Records from a data source:
BEGIN
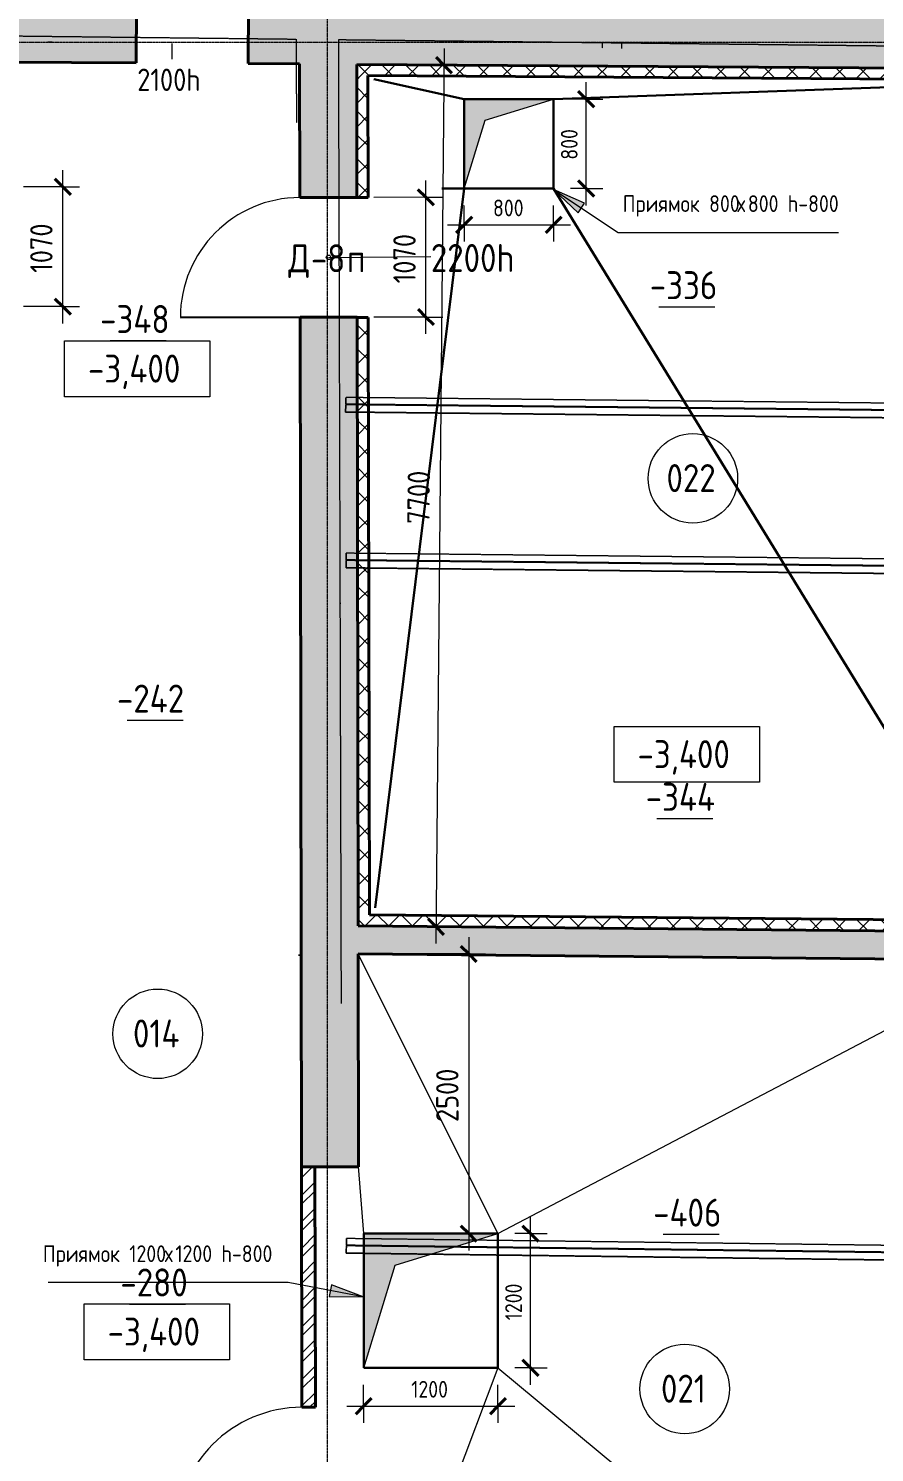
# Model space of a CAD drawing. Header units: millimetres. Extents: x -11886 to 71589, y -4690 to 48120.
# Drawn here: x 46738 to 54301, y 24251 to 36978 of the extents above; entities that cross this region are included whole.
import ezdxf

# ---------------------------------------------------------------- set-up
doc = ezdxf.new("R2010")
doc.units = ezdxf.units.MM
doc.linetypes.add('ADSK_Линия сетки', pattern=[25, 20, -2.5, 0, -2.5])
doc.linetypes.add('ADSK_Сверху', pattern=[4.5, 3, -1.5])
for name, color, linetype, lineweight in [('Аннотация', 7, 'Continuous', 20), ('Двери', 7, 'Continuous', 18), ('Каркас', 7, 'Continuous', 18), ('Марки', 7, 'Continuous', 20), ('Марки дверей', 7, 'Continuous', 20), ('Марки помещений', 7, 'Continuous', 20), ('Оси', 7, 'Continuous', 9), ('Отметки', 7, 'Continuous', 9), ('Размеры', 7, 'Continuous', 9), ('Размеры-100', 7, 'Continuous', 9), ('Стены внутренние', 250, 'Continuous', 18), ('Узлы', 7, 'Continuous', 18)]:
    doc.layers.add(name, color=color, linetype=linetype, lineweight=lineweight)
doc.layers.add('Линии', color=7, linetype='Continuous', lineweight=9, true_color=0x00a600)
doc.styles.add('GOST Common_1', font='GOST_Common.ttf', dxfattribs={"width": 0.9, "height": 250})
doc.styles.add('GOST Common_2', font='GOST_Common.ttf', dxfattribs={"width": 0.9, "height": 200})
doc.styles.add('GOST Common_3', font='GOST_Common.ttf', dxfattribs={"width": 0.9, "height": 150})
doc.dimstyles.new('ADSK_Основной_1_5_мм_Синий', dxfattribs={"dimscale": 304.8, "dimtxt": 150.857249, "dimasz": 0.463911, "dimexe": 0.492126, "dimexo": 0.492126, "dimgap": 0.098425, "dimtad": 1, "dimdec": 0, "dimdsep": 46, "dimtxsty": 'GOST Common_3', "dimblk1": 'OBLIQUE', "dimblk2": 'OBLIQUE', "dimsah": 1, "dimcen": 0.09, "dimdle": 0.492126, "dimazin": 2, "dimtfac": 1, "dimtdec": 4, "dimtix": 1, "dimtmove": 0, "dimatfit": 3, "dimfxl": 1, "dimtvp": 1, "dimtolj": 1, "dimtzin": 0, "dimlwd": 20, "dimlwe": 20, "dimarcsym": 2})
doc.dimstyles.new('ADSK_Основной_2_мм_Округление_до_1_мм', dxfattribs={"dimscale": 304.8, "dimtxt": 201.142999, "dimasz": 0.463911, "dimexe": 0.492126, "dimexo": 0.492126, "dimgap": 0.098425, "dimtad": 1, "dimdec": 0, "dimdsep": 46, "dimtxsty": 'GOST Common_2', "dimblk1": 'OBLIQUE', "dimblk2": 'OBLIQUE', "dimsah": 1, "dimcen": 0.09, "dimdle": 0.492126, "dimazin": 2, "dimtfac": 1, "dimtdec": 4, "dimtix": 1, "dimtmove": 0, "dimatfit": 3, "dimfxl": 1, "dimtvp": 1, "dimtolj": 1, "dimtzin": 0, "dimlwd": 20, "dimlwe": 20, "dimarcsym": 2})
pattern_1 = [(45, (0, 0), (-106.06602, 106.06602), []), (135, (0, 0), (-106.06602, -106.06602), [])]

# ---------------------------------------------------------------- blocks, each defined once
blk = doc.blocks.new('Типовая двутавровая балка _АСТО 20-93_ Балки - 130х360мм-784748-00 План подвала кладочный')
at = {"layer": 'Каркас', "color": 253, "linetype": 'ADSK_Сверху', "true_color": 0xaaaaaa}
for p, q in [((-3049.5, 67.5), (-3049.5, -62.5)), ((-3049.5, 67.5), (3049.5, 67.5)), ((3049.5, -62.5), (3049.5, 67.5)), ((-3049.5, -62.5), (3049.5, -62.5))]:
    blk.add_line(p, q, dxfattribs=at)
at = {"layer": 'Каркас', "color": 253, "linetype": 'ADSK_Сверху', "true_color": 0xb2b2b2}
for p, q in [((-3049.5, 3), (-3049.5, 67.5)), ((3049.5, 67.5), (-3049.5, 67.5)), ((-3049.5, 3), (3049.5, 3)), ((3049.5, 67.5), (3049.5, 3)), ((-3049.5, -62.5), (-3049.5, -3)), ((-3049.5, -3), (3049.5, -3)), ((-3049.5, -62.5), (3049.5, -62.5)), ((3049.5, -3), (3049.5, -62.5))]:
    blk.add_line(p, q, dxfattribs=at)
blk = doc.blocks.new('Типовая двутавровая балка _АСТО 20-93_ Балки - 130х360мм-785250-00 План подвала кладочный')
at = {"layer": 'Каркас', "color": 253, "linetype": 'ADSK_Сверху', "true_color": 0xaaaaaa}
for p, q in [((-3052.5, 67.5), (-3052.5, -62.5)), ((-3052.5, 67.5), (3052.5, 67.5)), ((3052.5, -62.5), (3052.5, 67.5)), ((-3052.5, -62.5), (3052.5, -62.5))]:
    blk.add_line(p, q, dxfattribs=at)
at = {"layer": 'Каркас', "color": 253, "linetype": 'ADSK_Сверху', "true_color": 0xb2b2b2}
END
§ **Work instructions**:
Print all data above verbatim, except pictures.

§ **Answer for this exercise**:
# Model space of a CAD drawing. Header units: millimetres. Extents: x -11886 to 71589, y -4690 to 48120.
# Drawn here: x 46738 to 54301, y 24251 to 36978 of the extents above; entities that cross this region are included whole.
import ezdxf

# ---------------------------------------------------------------- set-up
doc = ezdxf.new("R2010")
doc.units = ezdxf.units.MM
doc.linetypes.add('ADSK_Линия сетки', pattern=[25, 20, -2.5, 0, -2.5])
doc.linetypes.add('ADSK_Сверху', pattern=[4.5, 3, -1.5])
for name, color, linetype, lineweight in [('Аннотация', 7, 'Continuous', 20), ('Двери', 7, 'Continuous', 18), ('Каркас', 7, 'Continuous', 18), ('Марки', 7, 'Continuous', 20), ('Марки дверей', 7, 'Continuous', 20), ('Марки помещений', 7, 'Continuous', 20), ('Оси', 7, 'Continuous', 9), ('Отметки', 7, 'Continuous', 9), ('Размеры', 7, 'Continuous', 9), ('Размеры-100', 7, 'Continuous', 9), ('Стены внутренние', 250, 'Continuous', 18), ('Узлы', 7, 'Continuous', 18)]:
    doc.layers.add(name, color=color, linetype=linetype, lineweight=lineweight)
doc.layers.add('Линии', color=7, linetype='Continuous', lineweight=9, true_color=0x00a600)
doc.styles.add('GOST Common_1', font='GOST_Common.ttf', dxfattribs={"width": 0.9, "height": 250})
doc.styles.add('GOST Common_2', font='GOST_Common.ttf', dxfattribs={"width": 0.9, "height": 200})
doc.styles.add('GOST Common_3', font='GOST_Common.ttf', dxfattribs={"width": 0.9, "height": 150})
doc.dimstyles.new('ADSK_Основной_1_5_мм_Синий', dxfattribs={"dimscale": 304.8, "dimtxt": 150.857249, "dimasz": 0.463911, "dimexe": 0.492126, "dimexo": 0.492126, "dimgap": 0.098425, "dimtad": 1, "dimdec": 0, "dimdsep": 46, "dimtxsty": 'GOST Common_3', "dimblk1": 'OBLIQUE', "dimblk2": 'OBLIQUE', "dimsah": 1, "dimcen": 0.09, "dimdle": 0.492126, "dimazin": 2, "dimtfac": 1, "dimtdec": 4, "dimtix": 1, "dimtmove": 0, "dimatfit": 3, "dimfxl": 1, "dimtvp": 1, "dimtolj": 1, "dimtzin": 0, "dimlwd": 20, "dimlwe": 20, "dimarcsym": 2})
doc.dimstyles.new('ADSK_Основной_2_мм_Округление_до_1_мм', dxfattribs={"dimscale": 304.8, "dimtxt": 201.142999, "dimasz": 0.463911, "dimexe": 0.492126, "dimexo": 0.492126, "dimgap": 0.098425, "dimtad": 1, "dimdec": 0, "dimdsep": 46, "dimtxsty": 'GOST Common_2', "dimblk1": 'OBLIQUE', "dimblk2": 'OBLIQUE', "dimsah": 1, "dimcen": 0.09, "dimdle": 0.492126, "dimazin": 2, "dimtfac": 1, "dimtdec": 4, "dimtix": 1, "dimtmove": 0, "dimatfit": 3, "dimfxl": 1, "dimtvp": 1, "dimtolj": 1, "dimtzin": 0, "dimlwd": 20, "dimlwe": 20, "dimarcsym": 2})
pattern_1 = [(45, (0, 0), (-106.06602, 106.06602), []), (135, (0, 0), (-106.06602, -106.06602), [])]

# ---------------------------------------------------------------- blocks, each defined once
blk = doc.blocks.new('Типовая двутавровая балка _АСТО 20-93_ Балки - 130х360мм-784748-00 План подвала кладочный')
at = {"layer": 'Каркас', "color": 253, "linetype": 'ADSK_Сверху', "true_color": 0xaaaaaa}
for p, q in [((-3049.5, 67.5), (-3049.5, -62.5)), ((-3049.5, 67.5), (3049.5, 67.5)), ((3049.5, -62.5), (3049.5, 67.5)), ((-3049.5, -62.5), (3049.5, -62.5))]:
    blk.add_line(p, q, dxfattribs=at)
at = {"layer": 'Каркас', "color": 253, "linetype": 'ADSK_Сверху', "true_color": 0xb2b2b2}
for p, q in [((-3049.5, 3), (-3049.5, 67.5)), ((3049.5, 67.5), (-3049.5, 67.5)), ((-3049.5, 3), (3049.5, 3)), ((3049.5, 67.5), (3049.5, 3)), ((-3049.5, -62.5), (-3049.5, -3)), ((-3049.5, -3), (3049.5, -3)), ((-3049.5, -62.5), (3049.5, -62.5)), ((3049.5, -3), (3049.5, -62.5))]:
    blk.add_line(p, q, dxfattribs=at)
blk = doc.blocks.new('Типовая двутавровая балка _АСТО 20-93_ Балки - 130х360мм-785250-00 План подвала кладочный')
at = {"layer": 'Каркас', "color": 253, "linetype": 'ADSK_Сверху', "true_color": 0xaaaaaa}
for p, q in [((-3052.5, 67.5), (-3052.5, -62.5)), ((-3052.5, 67.5), (3052.5, 67.5)), ((3052.5, -62.5), (3052.5, 67.5)), ((-3052.5, -62.5), (3052.5, -62.5))]:
    blk.add_line(p, q, dxfattribs=at)
at = {"layer": 'Каркас', "color": 253, "linetype": 'ADSK_Сверху', "true_color": 0xb2b2b2}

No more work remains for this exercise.